** Opening Entries provided block **

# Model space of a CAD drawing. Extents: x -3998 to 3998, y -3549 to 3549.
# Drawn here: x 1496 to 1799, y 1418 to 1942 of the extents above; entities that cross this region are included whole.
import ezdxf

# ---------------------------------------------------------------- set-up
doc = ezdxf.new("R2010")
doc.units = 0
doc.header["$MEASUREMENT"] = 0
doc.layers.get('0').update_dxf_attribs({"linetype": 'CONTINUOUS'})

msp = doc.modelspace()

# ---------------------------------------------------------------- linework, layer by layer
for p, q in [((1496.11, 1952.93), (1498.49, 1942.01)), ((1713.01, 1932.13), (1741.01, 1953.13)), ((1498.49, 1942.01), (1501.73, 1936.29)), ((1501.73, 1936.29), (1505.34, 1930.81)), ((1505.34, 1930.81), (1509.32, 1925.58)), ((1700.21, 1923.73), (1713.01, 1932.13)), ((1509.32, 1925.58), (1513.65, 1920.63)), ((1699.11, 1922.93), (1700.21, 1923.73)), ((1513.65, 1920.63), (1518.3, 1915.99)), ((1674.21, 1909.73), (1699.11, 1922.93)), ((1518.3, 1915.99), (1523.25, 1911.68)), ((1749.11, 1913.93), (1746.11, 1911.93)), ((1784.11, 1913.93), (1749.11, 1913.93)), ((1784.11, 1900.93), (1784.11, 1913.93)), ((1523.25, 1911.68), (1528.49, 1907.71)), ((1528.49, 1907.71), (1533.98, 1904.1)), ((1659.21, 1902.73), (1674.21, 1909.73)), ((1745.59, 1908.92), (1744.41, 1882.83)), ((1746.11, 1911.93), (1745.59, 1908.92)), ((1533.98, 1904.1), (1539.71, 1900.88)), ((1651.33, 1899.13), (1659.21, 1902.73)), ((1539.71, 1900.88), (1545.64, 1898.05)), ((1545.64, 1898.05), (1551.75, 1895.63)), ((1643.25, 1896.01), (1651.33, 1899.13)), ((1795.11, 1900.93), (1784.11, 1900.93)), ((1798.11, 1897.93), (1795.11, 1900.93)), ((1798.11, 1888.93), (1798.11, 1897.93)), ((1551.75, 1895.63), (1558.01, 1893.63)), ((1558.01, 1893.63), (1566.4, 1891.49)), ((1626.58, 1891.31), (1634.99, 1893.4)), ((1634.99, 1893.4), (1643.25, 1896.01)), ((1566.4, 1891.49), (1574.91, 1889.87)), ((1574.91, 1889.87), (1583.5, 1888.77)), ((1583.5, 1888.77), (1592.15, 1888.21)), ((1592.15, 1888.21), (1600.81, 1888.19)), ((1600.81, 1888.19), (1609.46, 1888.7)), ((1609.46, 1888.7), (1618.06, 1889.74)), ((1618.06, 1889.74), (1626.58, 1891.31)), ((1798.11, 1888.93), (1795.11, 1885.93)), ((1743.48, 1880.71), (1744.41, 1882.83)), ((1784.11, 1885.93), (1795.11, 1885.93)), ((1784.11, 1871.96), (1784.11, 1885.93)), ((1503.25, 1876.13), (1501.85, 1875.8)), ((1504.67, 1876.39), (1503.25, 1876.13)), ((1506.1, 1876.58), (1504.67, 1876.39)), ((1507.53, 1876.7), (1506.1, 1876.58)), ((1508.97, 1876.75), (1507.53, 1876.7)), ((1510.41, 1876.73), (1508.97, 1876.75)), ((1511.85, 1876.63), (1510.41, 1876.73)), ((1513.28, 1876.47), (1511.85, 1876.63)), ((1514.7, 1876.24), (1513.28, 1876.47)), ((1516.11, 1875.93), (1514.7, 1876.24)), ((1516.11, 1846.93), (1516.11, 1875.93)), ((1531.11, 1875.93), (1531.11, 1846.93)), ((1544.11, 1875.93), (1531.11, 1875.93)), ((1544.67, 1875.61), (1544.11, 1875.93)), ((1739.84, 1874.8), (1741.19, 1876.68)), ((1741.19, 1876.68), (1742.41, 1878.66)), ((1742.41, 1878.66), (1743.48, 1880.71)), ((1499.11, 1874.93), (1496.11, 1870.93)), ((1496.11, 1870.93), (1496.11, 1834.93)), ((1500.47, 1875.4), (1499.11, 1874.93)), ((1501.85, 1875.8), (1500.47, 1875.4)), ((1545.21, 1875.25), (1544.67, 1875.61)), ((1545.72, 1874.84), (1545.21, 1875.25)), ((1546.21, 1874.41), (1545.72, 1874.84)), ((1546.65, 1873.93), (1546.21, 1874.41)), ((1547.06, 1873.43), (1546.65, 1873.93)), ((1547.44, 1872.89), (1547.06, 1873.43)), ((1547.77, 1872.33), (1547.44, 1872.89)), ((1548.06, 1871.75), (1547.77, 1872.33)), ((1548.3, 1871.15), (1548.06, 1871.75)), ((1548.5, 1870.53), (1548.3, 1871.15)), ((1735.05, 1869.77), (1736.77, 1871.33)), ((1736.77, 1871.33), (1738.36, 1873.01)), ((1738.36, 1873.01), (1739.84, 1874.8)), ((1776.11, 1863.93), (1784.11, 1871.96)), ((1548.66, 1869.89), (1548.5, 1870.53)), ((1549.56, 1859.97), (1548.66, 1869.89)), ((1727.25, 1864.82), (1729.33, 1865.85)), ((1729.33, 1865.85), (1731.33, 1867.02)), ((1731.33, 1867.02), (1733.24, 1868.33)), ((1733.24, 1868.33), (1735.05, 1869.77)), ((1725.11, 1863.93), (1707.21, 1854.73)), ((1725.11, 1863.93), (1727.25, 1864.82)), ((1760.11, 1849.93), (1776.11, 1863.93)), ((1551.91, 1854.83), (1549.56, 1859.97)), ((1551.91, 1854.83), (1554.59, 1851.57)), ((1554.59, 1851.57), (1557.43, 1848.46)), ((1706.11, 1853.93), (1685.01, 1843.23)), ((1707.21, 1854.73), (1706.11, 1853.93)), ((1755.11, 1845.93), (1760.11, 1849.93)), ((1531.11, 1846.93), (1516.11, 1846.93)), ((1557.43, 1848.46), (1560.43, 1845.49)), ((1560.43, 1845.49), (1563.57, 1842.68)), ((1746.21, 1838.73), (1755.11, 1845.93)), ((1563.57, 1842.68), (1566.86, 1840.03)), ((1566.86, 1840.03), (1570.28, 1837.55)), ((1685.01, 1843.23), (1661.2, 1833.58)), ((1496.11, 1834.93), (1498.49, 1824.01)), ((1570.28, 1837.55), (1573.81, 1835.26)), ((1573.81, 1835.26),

** Closing Entries provided block **

» Problem
Each record above needs to be written out exactly, with nothing left out.

» Result of this task
# Model space of a CAD drawing. Extents: x -3998 to 3998, y -3549 to 3549.
# Drawn here: x 1496 to 1799, y 1418 to 1942 of the extents above; entities that cross this region are included whole.
import ezdxf

# ---------------------------------------------------------------- set-up
doc = ezdxf.new("R2010")
doc.units = 0
doc.header["$MEASUREMENT"] = 0
doc.layers.get('0').update_dxf_attribs({"linetype": 'CONTINUOUS'})

msp = doc.modelspace()

# ---------------------------------------------------------------- linework, layer by layer
for p, q in [((1496.11, 1952.93), (1498.49, 1942.01)), ((1713.01, 1932.13), (1741.01, 1953.13)), ((1498.49, 1942.01), (1501.73, 1936.29)), ((1501.73, 1936.29), (1505.34, 1930.81)), ((1505.34, 1930.81), (1509.32, 1925.58)), ((1700.21, 1923.73), (1713.01, 1932.13)), ((1509.32, 1925.58), (1513.65, 1920.63)), ((1699.11, 1922.93), (1700.21, 1923.73)), ((1513.65, 1920.63), (1518.3, 1915.99)), ((1674.21, 1909.73), (1699.11, 1922.93)), ((1518.3, 1915.99), (1523.25, 1911.68)), ((1749.11, 1913.93), (1746.11, 1911.93)), ((1784.11, 1913.93), (1749.11, 1913.93)), ((1784.11, 1900.93), (1784.11, 1913.93)), ((1523.25, 1911.68), (1528.49, 1907.71)), ((1528.49, 1907.71), (1533.98, 1904.1)), ((1659.21, 1902.73), (1674.21, 1909.73)), ((1745.59, 1908.92), (1744.41, 1882.83)), ((1746.11, 1911.93), (1745.59, 1908.92)), ((1533.98, 1904.1), (1539.71, 1900.88)), ((1651.33, 1899.13), (1659.21, 1902.73)), ((1539.71, 1900.88), (1545.64, 1898.05)), ((1545.64, 1898.05), (1551.75, 1895.63)), ((1643.25, 1896.01), (1651.33, 1899.13)), ((1795.11, 1900.93), (1784.11, 1900.93)), ((1798.11, 1897.93), (1795.11, 1900.93)), ((1798.11, 1888.93), (1798.11, 1897.93)), ((1551.75, 1895.63), (1558.01, 1893.63)), ((1558.01, 1893.63), (1566.4, 1891.49)), ((1626.58, 1891.31), (1634.99, 1893.4)), ((1634.99, 1893.4), (1643.25, 1896.01)), ((1566.4, 1891.49), (1574.91, 1889.87)), ((1574.91, 1889.87), (1583.5, 1888.77)), ((1583.5, 1888.77), (1592.15, 1888.21)), ((1592.15, 1888.21), (1600.81, 1888.19)), ((1600.81, 1888.19), (1609.46, 1888.7)), ((1609.46, 1888.7), (1618.06, 1889.74)), ((1618.06, 1889.74), (1626.58, 1891.31)), ((1798.11, 1888.93), (1795.11, 1885.93)), ((1743.48, 1880.71), (1744.41, 1882.83)), ((1784.11, 1885.93), (1795.11, 1885.93)), ((1784.11, 1871.96), (1784.11, 1885.93)), ((1503.25, 1876.13), (1501.85, 1875.8)), ((1504.67, 1876.39), (1503.25, 1876.13)), ((1506.1, 1876.58), (1504.67, 1876.39)), ((1507.53, 1876.7), (1506.1, 1876.58)), ((1508.97, 1876.75), (1507.53, 1876.7)), ((1510.41, 1876.73), (1508.97, 1876.75)), ((1511.85, 1876.63), (1510.41, 1876.73)), ((1513.28, 1876.47), (1511.85, 1876.63)), ((1514.7, 1876.24), (1513.28, 1876.47)), ((1516.11, 1875.93), (1514.7, 1876.24)), ((1516.11, 1846.93), (1516.11, 1875.93)), ((1531.11, 1875.93), (1531.11, 1846.93)), ((1544.11, 1875.93), (1531.11, 1875.93)), ((1544.67, 1875.61), (1544.11, 1875.93)), ((1739.84, 1874.8), (1741.19, 1876.68)), ((1741.19, 1876.68), (1742.41, 1878.66)), ((1742.41, 1878.66), (1743.48, 1880.71)), ((1499.11, 1874.93), (1496.11, 1870.93)), ((1496.11, 1870.93), (1496.11, 1834.93)), ((1500.47, 1875.4), (1499.11, 1874.93)), ((1501.85, 1875.8), (1500.47, 1875.4)), ((1545.21, 1875.25), (1544.67, 1875.61)), ((1545.72, 1874.84), (1545.21, 1875.25)), ((1546.21, 1874.41), (1545.72, 1874.84)), ((1546.65, 1873.93), (1546.21, 1874.41)), ((1547.06, 1873.43), (1546.65, 1873.93)), ((1547.44, 1872.89), (1547.06, 1873.43)), ((1547.77, 1872.33), (1547.44, 1872.89)), ((1548.06, 1871.75), (1547.77, 1872.33)), ((1548.3, 1871.15), (1548.06, 1871.75)), ((1548.5, 1870.53), (1548.3, 1871.15)), ((1735.05, 1869.77), (1736.77, 1871.33)), ((1736.77, 1871.33), (1738.36, 1873.01)), ((1738.36, 1873.01), (1739.84, 1874.8)), ((1776.11, 1863.93), (1784.11, 1871.96)), ((1548.66, 1869.89), (1548.5, 1870.53)), ((1549.56, 1859.97), (1548.66, 1869.89)), ((1727.25, 1864.82), (1729.33, 1865.85)), ((1729.33, 1865.85), (1731.33, 1867.02)), ((1731.33, 1867.02), (1733.24, 1868.33)), ((1733.24, 1868.33), (1735.05, 1869.77)), ((1725.11, 1863.93), (1707.21, 1854.73)), ((1725.11, 1863.93), (1727.25, 1864.82)), ((1760.11, 1849.93), (1776.11, 1863.93)), ((1551.91, 1854.83), (1549.56, 1859.97)), ((1551.91, 1854.83), (1554.59, 1851.57)), ((1554.59, 1851.57), (1557.43, 1848.46)), ((1706.11, 1853.93), (1685.01, 1843.23)), ((1707.21, 1854.73), (1706.11, 1853.93)), ((1755.11, 1845.93), (1760.11, 1849.93)), ((1531.11, 1846.93), (1516.11, 1846.93)), ((1557.43, 1848.46), (1560.43, 1845.49)), ((1560.43, 1845.49), (1563.57, 1842.68)), ((1746.21, 1838.73), (1755.11, 1845.93)), ((1563.57, 1842.68), (1566.86, 1840.03)), ((1566.86, 1840.03), (1570.28, 1837.55)), ((1685.01, 1843.23), (1661.2, 1833.58)), ((1496.11, 1834.93), (1498.49, 1824.01)), ((1570.28, 1837.55), (1573.81, 1835.26)), ((1573.81, 1835.26),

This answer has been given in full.